-------- Exercise input --------
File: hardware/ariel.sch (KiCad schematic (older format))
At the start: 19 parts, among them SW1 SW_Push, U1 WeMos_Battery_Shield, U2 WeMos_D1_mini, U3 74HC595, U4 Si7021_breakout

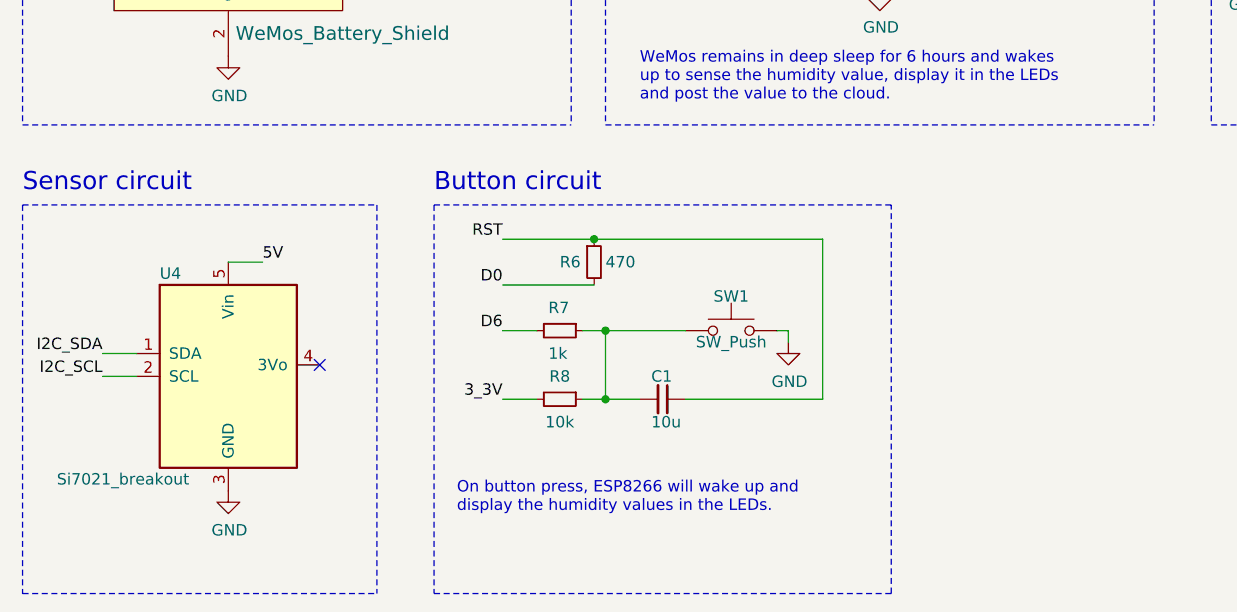
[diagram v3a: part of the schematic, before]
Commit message: Add 0ohm resistor for flexibility of adding breakout boards
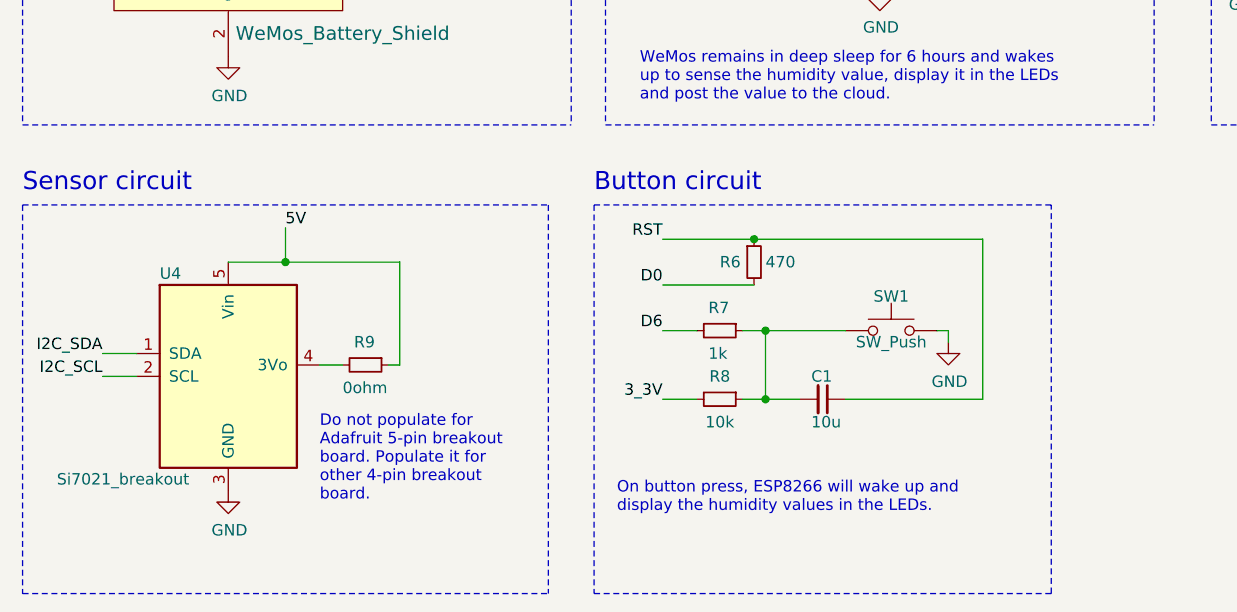
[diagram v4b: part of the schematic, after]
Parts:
- added R9: 0ohm, symbol Device:R_Small
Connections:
- net VCC: now also R9.1
- net at U4.4 (3Vo): now also R9.2
- no-connect marks 21 -> 20
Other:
- note added: "Do not populate for \nAdafruit 5-pin breakout \nboard. Populate it for \nother 4-pin breakout \nboard."
- moved on the sheet: C1, R6, R7, R8, SW1
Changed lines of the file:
@@
 L Device:R_Small R6
 U 1 1 5C7739E8
-P 3400 3600
-F 0 "R6" H 3250 3600 50  0000 L CNN
-F 1 "470" H 3450 3600 50  0000 L CNN
-F 2 "" H 3400 3600 50  0001 C CNN
-F 3 "~" H 3400 3600 50  0001 C CNN
-	1    3400 3600
+P 4100 3600
+F 0 "R6" H 3950 3600 50  0000 L CNN
+F 1 "470" H 4150 3600 50  0000 L CNN
+F 2 "" H 4100 3600 50  0001 C CNN
+F 3 "~" H 4100 3600 50  0001 C CNN
+	1    4100 3600
 	1    0    0    -1
 $EndComp
@@
 L Device:R_Small R7
 U 1 1 5C773C60
-P 3250 3900
-F 0 "R7" V 3150 3850 50  0000 L CNN
-F 1 "1k" V 3350 3850 50  0000 L CNN
-F 2 "" H 3250 3900 50  0001 C CNN
-F 3 "~" H 3250 3900 50  0001 C CNN
-	1    3250 3900
+P 3950 3900
+F 0 "R7" V 3850 3850 50  0000 L CNN
+F 1 "1k" V 4050 3850 50  0000 L CNN
+F 2 "" H 3950 3900 50  0001 C CNN
+F 3 "~" H 3950 3900 50  0001 C CNN
+	1    3950 3900
 	0    1    1    0
 $EndComp
@@
 L Device:R_Small R8
 U 1 1 5C773D83
-P 3250 4200
-F 0 "R8" V 3150 4200 50  0000 C CNN
-F 1 "10k" V 3350 4200 50  0000 C CNN
-F 2 "" H 3250 4200 50  0001 C CNN
-F 3 "~" H 3250 4200 50  0001 C CNN
-	1    3250 4200
+P 3950 4200
+F 0 "R8" V 3850 4200 50  0000 C CNN
+F 1 "10k" V 4050 4200 50  0000 C CNN
+F 2 "" H 3950 4200 50  0001 C CNN
+F 3 "~" H 3950 4200 50  0001 C CNN
+	1    3950 4200
 	0    1    1    0
 $EndComp
@@
 L Device:C_Small C1
 U 1 1 5C773EE5
-P 3700 4200
-F 0 "C1" V 3600 4150 50  0000 L CNN
-F 1 "10u" V 3800 4150 50  0000 L CNN
-F 2 "" H 3700 4200 50  0001 C CNN
-F 3 "~" H 3700 4200 50  0001 C CNN
-	1    3700 4200
+P 4400 4200
+F 0 "C1" V 4300 4150 50  0000 L CNN
+F 1 "10u" V 4500 4150 50  0000 L CNN
+F 2 "" H 4400 4200 50  0001 C CNN
+F 3 "~" H 4400 4200 50  0001 C CNN
+	1    4400 4200
 	0    1    1    0
 $EndComp
@@
 L Switch:SW_Push SW1
 U 1 1 5C85EE0D
-P 4000 3900
-F 0 "SW1" H 4000 4050 50  0000 C CNN
-F 1 "SW_Push" H 4000 3850 50  0000 C CNN
-F 2 "" H 4000 4100 50  0001 C CNN
-F 3 "" H 4000 4100 50  0001 C CNN
-	1    4000 3900
-	1    0    0    -1
-$EndComp
-Wire Wire Line
-	3350 3900 3450 3900
-Wire Wire Line
-	3350 4200 3450 4200
-Wire Wire Line
-	3450 3900 3450 4200
-Connection ~ 3450 3900
-Wire Wire Line
-	3450 3900 3800 3900
-Connection ~ 3450 4200
-Wire Wire Line
-	3450 4200 3600 4200
+P 4700 3900
+F 0 "SW1" H 4700 4050 50  0000 C CNN
+F 1 "SW_Push" H 4700 3850 50  0000 C CNN
+F 2 "" H 4700 4100 50  0001 C CNN
+F 3 "" H 4700 4100 50  0001 C CNN
+	1    4700 3900
+	1    0    0    -1
+$EndComp
+Wire Wire Line
+	4050 3900 4150 3900
+Wire Wire Line
+	4050 4200 4150 4200
+Wire Wire Line
+	4150 3900 4150 4200
+Connection ~ 4150 3900
+Wire Wire Line
+	4150 3900 4500 3900
+Connection ~ 4150 4200
+Wire Wire Line
+	4150 4200 4300 4200
 $Comp
 L power:GND #PWR04
 U 1 1 5C8607DD
-P 4250 3950
-F 0 "#PWR04" H 4250 3700 50  0001 C CNN
-F 1 "GND" H 4255 3777 50  0000 C CNN
-F 2 "" H 4250 3950 50  0001 C CNN
-F 3 "" H 4250 3950 50  0001 C CNN
-	1    4250 3950
-	1    0    0    -1
-$EndComp
-Wire Wire Line
-	4200 3900 4250 3900
-Wire Wire Line
-	4250 3900 4250 3950
-Wire Wire Line
-	3400 3500 4400 3500
-Wire Wire Line
-	4400 3500 4400 4200
-Wire Wire Line
-	4400 4200 3800 4200
+P 4950 3950
+F 0 "#PWR04" H 4950 3700 50  0001 C CNN
+F 1 "GND" H 4955 3777 50  0000 C CNN
+F 2 "" H 4950 3950 50  0001 C CNN
+F 3 "" H 4950 3950 50  0001 C CNN
+	1    4950 3950
+	1    0    0    -1
+$EndComp
+Wire Wire Line
+	4900 3900 4950 3900
+Wire Wire Line
+	4950 3900 4950 3950
+Wire Wire Line
+	4100 3500 5100 3500
+Wire Wire Line
+	5100 3500 5100 4200
+Wire Wire Line
+	5100 4200 4500 4200
 $Comp
 L power:GND #PWR05
@@
 Wire Wire Line
 	2500 1750 2650 1750
-Text Label 3000 3500 2    50   ~ 0
+Text Label 3700 3500 2    50   ~ 0
 RST
-Text Label 3000 3700 2    50   ~ 0
+Text Label 3700 3700 2    50   ~ 0
 D0
 Text Label 5500 1750 0    50   ~ 0
 D6
-Text Label 3000 3900 2    50   ~ 0
+Text Label 3700 3900 2    50   ~ 0
 D6
-Text Label 3000 4200 2    50   ~ 0
+Text Label 3700 4200 2    50   ~ 0
 3_3V
 Wire Wire Line
@@
 WeMos D1 Mini v3.0.0
 Wire Wire Line
-	3400 3500 3000 3500
-Connection ~ 3400 3500
-Wire Wire Line
-	3400 3700 3000 3700
-Wire Wire Line
-	3150 3900 3000 3900
-Wire Wire Line
-	3150 4200 3000 4200
-Wire Notes Line
-	2700 5050 4700 5050
-Wire Notes Line
-	4700 5050 4700 3350
-Wire Notes Line
-	4700 3350 2700 3350
-Wire Notes Line
-	2700 3350 2700 5050
-Text Notes 2700 3300 0    79   ~ 0
+	4100 3500 3700 3500
+Connection ~ 4100 3500
+Wire Wire Line
+	4100 3700 3700 3700
+Wire Wire Line
+	3850 3900 3700 3900
+Wire Wire Line
+	3850 4200 3700 4200
+Wire Notes Line
+	3400 5050 5400 5050
+Wire Notes Line
+	5400 5050 5400 3350
+Wire Notes Line
+	5400 3350 3400 3350
+Wire Notes Line
+	3400 3350 3400 5050
+Text Notes 3400 3300 0    79   ~ 0
 Button circuit
 Wire Wire Line
@@
 Text Notes 900  3300 0    79   ~ 0
 Sensor circuit
-Text Notes 2800 4700 0    50   ~ 0
+Text Notes 3500 4700 0    50   ~ 0
 On button press, ESP8266 will wake up and \ndisplay the humidity values in the LEDs.
 Text Notes 2150 1200 0    50   ~ 0
@@
 Wire Notes Line
 	3450 900  5850 900
-Wire Notes Line
-	2450 3350 2450 5050
-Wire Notes Line
-	900  3350 2450 3350
-Wire Notes Line
-	900  5050 2450 5050
 NoConn ~ 1100 2300
 Wire Notes Line
@@
 Wire Wire Line
 	1400 4100 1250 4100
-Text Label 1950 3600 0    50   ~ 0
+Text Label 2050 3450 0    50   ~ 0
 5V
-Wire Wire Line
-	1800 3600 1950 3600
-NoConn ~ 2200 4050
 Wire Wire Line
 	8850 1850 8950 1850
@@
 Wire Wire Line
 	8450 2350 8450 2550
+Text Label 8950 1850 0    50   ~ 0
+EN
+$Comp
+L Device:R_Small R9
+U 1 1 5C9E0F92
+P 2400 4050
+F 0 "R9" V 2300 4000 50  0000 L CNN
+F 1 "0ohm" V 2500 3950 50  0000 L CNN
+F 2 "" H 2400 4050 50  0001 C CNN
+F 3 "~" H 2400 4050 50  0001 C CNN
+	1    2400 4050
+	0    1    1    0
+$EndComp
+Wire Wire Line
+	2200 4050 2300 4050
+Wire Wire Line
+	2050 3600 2050 3450
+Wire Wire Line
+	1800 3600 2050 3600
+Connection ~ 2050 3600
+Text Notes 2200 4650 0    50   ~ 0
+Do not populate for \nAdafruit 5-pin breakout \nboard. Populate it for \nother 4-pin breakout \nboard.
+Wire Wire Line
+	2550 3600 2550 4050
+Wire Wire Line
+	2550 4050 2500 4050
+Wire Wire Line
+	2050 3600 2550 3600
+Wire Notes Line
+	3200 3350 3200 5050
+Wire Notes Line
+	900  5050 3200 5050
+Wire Notes Line
+	900  3350 3200 3350
+Wire Bus Line
+	7350 1050 7350 2400
 Wire Bus Line
 	7550 1050 7550 1550
-Wire Bus Line
-	7350 1050 7350 2400
-Text Label 8950 1850 0    50   ~ 0
-EN
 $EndSCHEMATC

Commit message: Add mechanical pieces
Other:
- note added: "Do not populate for \nAdafruit 5-pin Si7021 \nbreakout board. \n\nPopulate it for other \n4-pin Si7021 breakout \nboards."
- note removed: "Do not populate for \nAdafruit 5-pin breakout \nboard. Populate it for \nother 4-pin breakout \nboard."
- moved on the sheet: C1, D1, D2, D3, D4, D5, R1, R2, R3, R4, R5, R6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

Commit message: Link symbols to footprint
--------
What to work on:
Using the records above, find and show each line with the string "populate".

Task answer:
- note added: "Do not populate for \nAdafruit 5-pin breakout \nboard. Populate it for \nother 4-pin breakout \nboard."
+Do not populate for \nAdafruit 5-pin breakout \nboard. Populate it for \nother 4-pin breakout \nboard.
- note added: "Do not populate for \nAdafruit 5-pin Si7021 \nbreakout board. \n\nPopulate it for other \n4-pin Si7021 breakout \nboards."
- note removed: "Do not populate for \nAdafruit 5-pin breakout \nboard. Populate it for \nother 4-pin breakout \nboard."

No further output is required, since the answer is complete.